Top of Study material

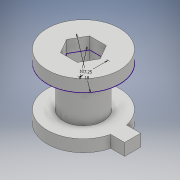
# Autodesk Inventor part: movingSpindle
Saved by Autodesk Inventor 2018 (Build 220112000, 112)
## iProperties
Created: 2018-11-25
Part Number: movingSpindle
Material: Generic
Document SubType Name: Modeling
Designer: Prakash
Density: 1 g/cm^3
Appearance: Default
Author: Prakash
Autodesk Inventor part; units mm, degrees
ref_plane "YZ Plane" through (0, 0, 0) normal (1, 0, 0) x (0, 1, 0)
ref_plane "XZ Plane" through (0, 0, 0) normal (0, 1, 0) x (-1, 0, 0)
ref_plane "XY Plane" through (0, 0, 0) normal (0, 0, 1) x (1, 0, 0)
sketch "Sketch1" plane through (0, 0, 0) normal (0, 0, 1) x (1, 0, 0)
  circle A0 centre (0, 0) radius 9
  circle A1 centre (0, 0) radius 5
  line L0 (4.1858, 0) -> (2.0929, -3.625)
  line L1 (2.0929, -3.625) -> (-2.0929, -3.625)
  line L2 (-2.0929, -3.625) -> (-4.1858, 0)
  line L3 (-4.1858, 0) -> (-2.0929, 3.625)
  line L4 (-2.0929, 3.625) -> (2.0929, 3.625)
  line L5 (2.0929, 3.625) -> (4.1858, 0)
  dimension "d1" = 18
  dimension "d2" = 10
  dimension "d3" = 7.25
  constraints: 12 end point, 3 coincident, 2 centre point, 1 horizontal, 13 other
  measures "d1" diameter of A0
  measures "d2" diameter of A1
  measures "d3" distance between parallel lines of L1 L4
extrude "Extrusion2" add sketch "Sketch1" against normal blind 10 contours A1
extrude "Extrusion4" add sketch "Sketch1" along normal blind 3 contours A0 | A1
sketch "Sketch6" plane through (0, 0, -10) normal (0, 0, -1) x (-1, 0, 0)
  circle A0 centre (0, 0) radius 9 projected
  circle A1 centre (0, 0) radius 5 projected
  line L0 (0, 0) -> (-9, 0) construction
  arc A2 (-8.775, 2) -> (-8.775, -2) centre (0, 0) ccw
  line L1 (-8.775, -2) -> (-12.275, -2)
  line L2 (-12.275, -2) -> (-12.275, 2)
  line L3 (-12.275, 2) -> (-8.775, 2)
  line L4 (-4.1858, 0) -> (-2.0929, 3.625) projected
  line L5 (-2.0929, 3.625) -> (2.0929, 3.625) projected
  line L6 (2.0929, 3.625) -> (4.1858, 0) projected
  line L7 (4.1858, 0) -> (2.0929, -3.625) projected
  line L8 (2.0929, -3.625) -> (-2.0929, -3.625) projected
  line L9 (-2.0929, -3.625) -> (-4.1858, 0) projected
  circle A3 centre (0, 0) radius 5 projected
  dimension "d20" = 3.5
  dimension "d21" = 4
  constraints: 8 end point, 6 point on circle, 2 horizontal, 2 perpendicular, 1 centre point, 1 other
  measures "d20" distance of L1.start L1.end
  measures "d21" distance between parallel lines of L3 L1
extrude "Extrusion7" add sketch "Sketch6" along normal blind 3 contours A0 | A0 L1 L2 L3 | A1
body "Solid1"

Bottom of Study material

Copy out every line in the records where the word "contours" is found.

extrude "Extrusion2" add sketch "Sketch1" against normal blind 10 contours A1
extrude "Extrusion4" add sketch "Sketch1" along normal blind 3 contours A0 | A1
extrude "Extrusion7" add sketch "Sketch6" along normal blind 3 contours A0 | A0 L1 L2 L3 | A1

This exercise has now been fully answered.